Records drawn from a dataset:
***
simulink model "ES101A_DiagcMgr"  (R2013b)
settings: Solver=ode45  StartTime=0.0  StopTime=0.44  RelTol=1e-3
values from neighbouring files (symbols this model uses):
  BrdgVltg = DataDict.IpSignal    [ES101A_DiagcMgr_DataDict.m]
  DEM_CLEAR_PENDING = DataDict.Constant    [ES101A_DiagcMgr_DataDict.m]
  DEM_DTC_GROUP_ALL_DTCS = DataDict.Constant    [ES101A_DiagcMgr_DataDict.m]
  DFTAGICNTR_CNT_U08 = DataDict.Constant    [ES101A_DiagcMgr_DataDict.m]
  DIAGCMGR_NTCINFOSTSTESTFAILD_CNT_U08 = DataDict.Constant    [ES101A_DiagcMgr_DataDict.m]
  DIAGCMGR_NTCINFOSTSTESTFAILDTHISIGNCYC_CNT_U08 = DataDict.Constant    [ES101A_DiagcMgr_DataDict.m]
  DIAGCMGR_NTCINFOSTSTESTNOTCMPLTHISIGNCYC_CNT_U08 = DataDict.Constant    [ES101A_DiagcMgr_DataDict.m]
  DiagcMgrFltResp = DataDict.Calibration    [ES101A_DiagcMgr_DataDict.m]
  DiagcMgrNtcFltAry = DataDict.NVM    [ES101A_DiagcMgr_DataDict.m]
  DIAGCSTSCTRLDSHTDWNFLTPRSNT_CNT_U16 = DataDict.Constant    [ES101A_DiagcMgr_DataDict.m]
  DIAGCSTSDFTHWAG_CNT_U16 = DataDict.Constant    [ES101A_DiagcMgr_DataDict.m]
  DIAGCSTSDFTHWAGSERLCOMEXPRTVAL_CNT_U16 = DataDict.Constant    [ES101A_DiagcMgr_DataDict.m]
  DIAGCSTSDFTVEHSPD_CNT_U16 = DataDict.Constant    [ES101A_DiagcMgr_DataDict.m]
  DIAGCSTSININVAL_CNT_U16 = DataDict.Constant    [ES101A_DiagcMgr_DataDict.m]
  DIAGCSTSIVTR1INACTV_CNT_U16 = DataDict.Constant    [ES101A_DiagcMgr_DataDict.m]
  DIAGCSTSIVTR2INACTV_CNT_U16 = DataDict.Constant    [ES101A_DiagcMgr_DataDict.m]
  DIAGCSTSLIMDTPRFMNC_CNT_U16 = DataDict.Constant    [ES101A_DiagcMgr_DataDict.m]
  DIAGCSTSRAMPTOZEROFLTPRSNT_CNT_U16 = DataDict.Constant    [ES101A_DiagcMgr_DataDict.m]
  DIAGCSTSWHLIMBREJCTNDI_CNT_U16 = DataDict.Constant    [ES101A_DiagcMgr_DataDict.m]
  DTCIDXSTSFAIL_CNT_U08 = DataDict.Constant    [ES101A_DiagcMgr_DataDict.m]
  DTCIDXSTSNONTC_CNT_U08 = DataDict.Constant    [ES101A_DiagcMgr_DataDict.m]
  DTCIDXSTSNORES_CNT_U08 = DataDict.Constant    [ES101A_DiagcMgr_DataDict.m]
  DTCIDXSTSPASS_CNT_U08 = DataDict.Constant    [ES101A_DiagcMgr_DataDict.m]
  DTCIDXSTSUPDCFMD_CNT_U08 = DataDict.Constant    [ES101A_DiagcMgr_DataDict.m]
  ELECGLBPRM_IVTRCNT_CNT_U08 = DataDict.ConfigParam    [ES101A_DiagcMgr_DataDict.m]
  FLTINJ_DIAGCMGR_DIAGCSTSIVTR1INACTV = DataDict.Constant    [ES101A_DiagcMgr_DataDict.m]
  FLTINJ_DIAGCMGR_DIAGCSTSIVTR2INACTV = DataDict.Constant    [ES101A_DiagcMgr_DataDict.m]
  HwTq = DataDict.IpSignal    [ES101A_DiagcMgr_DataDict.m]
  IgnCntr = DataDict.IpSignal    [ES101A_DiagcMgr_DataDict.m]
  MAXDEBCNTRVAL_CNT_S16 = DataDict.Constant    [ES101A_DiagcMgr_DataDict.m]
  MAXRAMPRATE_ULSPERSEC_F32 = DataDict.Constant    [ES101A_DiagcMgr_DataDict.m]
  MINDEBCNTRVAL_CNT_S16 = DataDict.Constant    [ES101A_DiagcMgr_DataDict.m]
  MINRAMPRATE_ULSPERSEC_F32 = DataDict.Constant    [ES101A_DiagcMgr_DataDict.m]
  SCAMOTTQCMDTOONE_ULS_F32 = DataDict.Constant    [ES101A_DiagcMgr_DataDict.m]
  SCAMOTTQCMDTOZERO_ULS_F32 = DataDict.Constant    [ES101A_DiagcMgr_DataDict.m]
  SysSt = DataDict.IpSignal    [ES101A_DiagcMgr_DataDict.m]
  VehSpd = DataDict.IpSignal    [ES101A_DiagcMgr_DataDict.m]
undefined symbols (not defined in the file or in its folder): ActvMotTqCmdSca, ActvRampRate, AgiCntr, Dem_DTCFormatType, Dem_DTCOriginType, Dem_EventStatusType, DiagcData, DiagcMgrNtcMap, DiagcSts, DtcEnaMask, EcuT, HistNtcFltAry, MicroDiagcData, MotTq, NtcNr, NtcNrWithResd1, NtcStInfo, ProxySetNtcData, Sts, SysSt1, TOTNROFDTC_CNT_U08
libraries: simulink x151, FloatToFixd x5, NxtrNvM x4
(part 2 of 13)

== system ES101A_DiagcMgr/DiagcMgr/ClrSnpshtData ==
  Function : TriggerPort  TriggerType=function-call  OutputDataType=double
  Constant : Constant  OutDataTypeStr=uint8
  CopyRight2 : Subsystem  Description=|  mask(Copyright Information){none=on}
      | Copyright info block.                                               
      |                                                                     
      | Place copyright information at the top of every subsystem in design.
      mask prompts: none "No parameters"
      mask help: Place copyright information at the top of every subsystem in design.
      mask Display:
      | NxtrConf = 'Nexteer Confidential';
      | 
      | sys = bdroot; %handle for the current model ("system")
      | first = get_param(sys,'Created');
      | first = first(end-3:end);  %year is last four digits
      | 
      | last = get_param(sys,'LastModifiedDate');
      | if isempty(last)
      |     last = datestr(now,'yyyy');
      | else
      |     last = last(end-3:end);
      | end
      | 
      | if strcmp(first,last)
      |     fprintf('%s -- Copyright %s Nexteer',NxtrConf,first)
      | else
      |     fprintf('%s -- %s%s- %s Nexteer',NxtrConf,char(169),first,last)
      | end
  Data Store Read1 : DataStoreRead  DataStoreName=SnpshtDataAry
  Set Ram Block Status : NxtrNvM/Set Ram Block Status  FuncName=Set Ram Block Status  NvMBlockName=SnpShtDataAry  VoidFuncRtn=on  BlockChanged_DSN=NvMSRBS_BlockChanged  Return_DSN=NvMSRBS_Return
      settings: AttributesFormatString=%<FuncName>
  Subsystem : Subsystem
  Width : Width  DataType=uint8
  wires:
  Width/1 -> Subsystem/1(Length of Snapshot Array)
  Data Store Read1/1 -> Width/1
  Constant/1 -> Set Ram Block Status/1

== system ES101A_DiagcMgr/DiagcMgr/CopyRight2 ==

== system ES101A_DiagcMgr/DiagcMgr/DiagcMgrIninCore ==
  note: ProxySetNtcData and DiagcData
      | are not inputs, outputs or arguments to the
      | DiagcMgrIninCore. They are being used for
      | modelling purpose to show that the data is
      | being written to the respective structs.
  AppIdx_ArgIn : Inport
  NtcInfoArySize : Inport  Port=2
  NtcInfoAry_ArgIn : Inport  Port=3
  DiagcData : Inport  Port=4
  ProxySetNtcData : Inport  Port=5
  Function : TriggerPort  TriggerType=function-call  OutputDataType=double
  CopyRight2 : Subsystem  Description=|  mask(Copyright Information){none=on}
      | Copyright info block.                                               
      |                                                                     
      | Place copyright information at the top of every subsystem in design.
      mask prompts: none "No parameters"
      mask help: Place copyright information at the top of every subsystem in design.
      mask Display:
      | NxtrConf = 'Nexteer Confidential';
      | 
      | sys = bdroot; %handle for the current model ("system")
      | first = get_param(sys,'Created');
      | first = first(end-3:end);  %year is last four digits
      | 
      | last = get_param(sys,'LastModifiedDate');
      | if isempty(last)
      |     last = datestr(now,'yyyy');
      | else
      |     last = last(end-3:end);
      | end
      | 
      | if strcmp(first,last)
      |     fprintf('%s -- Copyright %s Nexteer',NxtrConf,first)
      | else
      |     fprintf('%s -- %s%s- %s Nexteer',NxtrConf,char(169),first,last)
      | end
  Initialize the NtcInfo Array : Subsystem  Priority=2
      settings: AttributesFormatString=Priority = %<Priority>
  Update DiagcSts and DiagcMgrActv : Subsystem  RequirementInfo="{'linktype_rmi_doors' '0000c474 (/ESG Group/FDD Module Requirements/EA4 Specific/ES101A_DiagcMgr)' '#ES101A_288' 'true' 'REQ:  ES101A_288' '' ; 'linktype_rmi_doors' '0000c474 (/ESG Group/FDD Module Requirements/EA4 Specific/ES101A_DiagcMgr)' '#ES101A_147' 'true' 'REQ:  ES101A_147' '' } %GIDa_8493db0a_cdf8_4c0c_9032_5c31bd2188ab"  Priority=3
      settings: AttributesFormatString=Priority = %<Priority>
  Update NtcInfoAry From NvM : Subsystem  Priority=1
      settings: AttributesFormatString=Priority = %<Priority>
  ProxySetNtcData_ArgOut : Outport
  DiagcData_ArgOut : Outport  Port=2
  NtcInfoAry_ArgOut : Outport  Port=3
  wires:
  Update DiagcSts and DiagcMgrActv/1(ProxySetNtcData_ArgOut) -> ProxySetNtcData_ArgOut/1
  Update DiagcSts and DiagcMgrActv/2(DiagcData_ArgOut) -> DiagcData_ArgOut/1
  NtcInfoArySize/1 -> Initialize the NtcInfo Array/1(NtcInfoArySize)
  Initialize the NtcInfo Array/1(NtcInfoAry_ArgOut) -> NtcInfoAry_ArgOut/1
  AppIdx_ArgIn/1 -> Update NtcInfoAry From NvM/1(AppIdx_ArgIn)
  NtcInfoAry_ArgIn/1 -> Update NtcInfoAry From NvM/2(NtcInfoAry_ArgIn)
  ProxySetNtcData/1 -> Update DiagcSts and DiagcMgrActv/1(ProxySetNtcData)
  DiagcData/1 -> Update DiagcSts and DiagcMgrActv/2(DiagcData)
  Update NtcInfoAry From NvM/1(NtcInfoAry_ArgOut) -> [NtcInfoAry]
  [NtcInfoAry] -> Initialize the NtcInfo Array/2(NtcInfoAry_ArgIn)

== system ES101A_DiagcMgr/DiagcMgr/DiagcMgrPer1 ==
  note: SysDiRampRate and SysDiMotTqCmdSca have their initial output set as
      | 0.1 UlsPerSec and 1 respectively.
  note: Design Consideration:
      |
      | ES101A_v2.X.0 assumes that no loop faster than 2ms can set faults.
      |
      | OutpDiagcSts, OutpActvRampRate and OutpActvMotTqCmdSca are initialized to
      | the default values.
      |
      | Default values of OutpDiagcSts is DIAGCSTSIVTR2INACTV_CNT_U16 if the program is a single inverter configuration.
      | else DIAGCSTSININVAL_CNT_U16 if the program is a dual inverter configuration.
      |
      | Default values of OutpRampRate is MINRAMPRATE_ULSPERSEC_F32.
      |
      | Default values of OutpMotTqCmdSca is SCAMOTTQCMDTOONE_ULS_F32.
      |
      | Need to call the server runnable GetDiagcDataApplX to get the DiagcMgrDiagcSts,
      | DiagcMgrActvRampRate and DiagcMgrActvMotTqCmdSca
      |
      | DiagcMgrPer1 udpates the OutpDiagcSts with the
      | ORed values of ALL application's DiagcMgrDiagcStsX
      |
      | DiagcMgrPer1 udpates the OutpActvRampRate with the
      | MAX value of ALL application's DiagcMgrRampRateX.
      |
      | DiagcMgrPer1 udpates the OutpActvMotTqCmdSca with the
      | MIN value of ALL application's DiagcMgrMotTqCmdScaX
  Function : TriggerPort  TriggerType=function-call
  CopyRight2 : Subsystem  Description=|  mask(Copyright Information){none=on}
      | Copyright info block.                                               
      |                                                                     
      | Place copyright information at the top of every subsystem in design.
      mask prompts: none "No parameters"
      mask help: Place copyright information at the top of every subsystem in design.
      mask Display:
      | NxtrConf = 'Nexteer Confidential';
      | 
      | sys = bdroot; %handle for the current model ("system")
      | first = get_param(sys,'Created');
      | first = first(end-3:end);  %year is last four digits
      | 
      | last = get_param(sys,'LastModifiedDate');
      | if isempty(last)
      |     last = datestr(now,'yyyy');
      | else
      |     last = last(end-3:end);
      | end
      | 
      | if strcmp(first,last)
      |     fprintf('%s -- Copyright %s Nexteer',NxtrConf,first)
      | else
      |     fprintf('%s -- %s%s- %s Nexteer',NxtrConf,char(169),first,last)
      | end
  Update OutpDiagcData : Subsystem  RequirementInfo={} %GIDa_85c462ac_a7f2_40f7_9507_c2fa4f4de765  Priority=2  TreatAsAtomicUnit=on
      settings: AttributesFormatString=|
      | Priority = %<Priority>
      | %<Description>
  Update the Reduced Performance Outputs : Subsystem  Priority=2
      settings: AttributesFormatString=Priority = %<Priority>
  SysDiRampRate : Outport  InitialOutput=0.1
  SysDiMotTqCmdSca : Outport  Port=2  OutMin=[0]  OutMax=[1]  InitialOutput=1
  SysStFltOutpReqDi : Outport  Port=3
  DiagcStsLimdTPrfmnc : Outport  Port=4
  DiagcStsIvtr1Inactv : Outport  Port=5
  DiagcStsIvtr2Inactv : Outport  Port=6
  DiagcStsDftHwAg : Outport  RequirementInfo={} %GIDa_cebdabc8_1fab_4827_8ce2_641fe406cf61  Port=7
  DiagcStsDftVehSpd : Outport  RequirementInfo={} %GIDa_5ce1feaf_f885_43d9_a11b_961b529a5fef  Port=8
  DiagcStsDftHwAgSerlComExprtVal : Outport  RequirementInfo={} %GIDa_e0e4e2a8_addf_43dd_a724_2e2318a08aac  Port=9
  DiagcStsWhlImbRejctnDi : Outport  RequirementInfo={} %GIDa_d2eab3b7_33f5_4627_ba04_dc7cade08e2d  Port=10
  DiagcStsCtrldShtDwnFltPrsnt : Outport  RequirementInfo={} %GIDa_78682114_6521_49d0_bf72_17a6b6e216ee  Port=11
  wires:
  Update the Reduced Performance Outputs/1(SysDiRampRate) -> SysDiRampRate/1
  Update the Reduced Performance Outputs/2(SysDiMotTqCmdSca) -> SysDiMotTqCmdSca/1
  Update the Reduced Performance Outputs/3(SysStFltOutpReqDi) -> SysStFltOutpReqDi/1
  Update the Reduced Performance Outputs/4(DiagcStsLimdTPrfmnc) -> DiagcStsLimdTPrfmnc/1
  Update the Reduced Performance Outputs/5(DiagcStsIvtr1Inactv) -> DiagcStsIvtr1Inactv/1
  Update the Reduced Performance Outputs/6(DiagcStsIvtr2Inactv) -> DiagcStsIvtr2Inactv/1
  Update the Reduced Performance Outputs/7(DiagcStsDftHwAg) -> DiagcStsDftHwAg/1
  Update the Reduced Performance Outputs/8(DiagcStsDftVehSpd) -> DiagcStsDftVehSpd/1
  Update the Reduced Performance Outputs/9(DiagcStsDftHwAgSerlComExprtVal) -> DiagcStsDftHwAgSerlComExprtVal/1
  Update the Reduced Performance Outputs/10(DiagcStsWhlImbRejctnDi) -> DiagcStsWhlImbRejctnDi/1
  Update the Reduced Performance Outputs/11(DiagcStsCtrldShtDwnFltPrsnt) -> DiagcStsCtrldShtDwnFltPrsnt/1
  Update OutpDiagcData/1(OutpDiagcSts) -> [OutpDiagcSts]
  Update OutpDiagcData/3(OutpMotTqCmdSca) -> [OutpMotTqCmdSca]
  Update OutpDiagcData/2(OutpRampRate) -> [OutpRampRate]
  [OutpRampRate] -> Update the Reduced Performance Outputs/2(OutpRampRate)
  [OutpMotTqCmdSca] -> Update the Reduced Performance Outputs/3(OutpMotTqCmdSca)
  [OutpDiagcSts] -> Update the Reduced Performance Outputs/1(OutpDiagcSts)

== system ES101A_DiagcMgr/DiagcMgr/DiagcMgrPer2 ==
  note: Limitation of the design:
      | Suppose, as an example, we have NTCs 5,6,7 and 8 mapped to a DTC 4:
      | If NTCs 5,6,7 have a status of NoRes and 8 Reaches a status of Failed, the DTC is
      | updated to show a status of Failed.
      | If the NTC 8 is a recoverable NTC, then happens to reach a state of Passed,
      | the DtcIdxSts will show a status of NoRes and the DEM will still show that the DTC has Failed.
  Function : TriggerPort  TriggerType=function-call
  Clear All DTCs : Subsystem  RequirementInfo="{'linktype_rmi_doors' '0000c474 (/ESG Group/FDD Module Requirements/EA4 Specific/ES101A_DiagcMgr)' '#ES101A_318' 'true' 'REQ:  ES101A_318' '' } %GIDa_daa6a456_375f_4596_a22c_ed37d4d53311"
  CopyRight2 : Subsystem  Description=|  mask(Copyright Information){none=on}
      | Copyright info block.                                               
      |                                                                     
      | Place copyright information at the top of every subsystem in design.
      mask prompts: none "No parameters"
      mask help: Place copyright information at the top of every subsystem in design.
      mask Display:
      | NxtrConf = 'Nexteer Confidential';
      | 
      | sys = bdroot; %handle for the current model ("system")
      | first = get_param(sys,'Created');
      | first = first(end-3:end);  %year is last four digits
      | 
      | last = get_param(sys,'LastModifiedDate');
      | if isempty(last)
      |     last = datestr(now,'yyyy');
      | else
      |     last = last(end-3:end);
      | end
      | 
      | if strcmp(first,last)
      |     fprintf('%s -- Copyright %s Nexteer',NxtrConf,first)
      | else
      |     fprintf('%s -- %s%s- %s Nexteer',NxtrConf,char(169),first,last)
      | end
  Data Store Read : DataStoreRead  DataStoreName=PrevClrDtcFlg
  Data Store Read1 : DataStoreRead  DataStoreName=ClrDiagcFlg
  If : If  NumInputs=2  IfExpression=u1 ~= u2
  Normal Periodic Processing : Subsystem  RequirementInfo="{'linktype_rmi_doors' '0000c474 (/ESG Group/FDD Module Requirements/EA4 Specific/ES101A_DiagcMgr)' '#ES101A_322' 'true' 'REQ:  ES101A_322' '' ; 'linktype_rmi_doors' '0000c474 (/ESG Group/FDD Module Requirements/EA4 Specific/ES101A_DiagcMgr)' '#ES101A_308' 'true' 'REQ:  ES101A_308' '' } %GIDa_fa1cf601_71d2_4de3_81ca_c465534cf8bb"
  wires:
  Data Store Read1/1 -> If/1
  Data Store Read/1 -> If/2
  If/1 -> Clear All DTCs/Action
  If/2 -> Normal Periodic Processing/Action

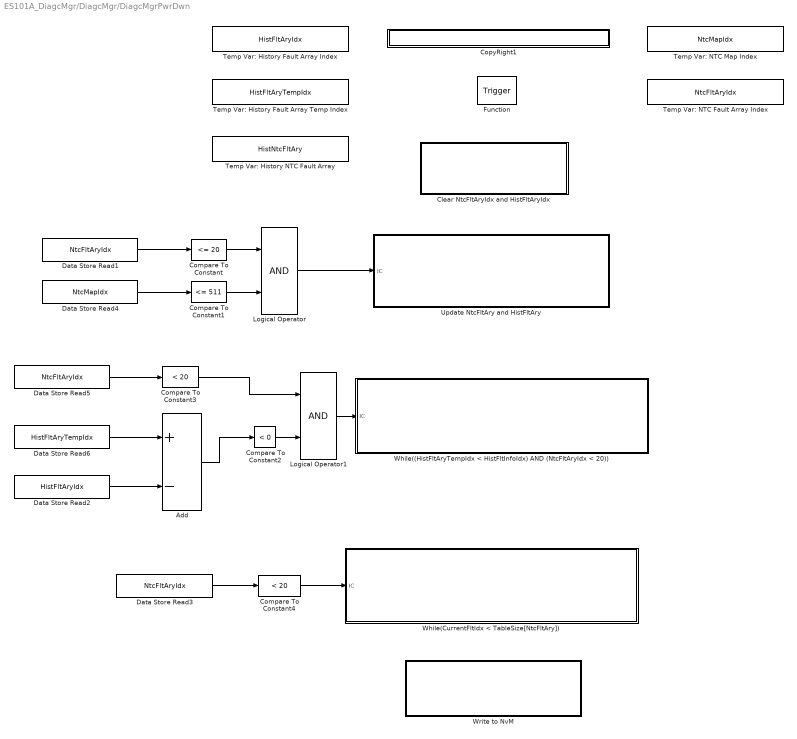
== system ES101A_DiagcMgr/DiagcMgr/DiagcMgrPwrDwn ==
  Function : TriggerPort  TriggerType=function-call
  Add : Sum  Inputs=+-
  Clear NtcFltAryIdx and HistFltAryIdx : Subsystem  Priority=1
      settings: AttributesFormatString=Priority = %<Priority>
  Compare To Constant : simulink/Logic and Bit Operations/Compare To Constant  relop=<=  const=20  OutDataTypeStr=boolean
  Compare To Constant1 : simulink/Logic and Bit Operations/Compare To Constant  relop=<=  const=511  OutDataTypeStr=boolean
  Compare To Constant2 : simulink/Logic and Bit Operations/Compare To Constant  relop=<  const=0  OutDataTypeStr=boolean
  Compare To Constant3 : simulink/Logic and Bit Operations/Compare To Constant  relop=<  const=20  OutDataTypeStr=boolean
  Compare To Constant4 : simulink/Logic and Bit Operations/Compare To Constant  relop=<  const=20  OutDataTypeStr=boolean
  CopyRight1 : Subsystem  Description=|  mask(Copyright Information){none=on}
***
YOUR OBJECTIVE:
Exactly the lines from the one that contains "If/2 -> Normal Periodic Processing/Action" through the final line of the records above are needed, given again word for word, with every picture left out.

EXERCISE ANSWER:
  If/2 -> Normal Periodic Processing/Action

== system ES101A_DiagcMgr/DiagcMgr/DiagcMgrPwrDwn ==
  Function : TriggerPort  TriggerType=function-call
  Add : Sum  Inputs=+-
  Clear NtcFltAryIdx and HistFltAryIdx : Subsystem  Priority=1
      settings: AttributesFormatString=Priority = %<Priority>
  Compare To Constant : simulink/Logic and Bit Operations/Compare To Constant  relop=<=  const=20  OutDataTypeStr=boolean
  Compare To Constant1 : simulink/Logic and Bit Operations/Compare To Constant  relop=<=  const=511  OutDataTypeStr=boolean
  Compare To Constant2 : simulink/Logic and Bit Operations/Compare To Constant  relop=<  const=0  OutDataTypeStr=boolean
  Compare To Constant3 : simulink/Logic and Bit Operations/Compare To Constant  relop=<  const=20  OutDataTypeStr=boolean
  Compare To Constant4 : simulink/Logic and Bit Operations/Compare To Constant  relop=<  const=20  OutDataTypeStr=boolean
  CopyRight1 : Subsystem  Description=|  mask(Copyright Information){none=on}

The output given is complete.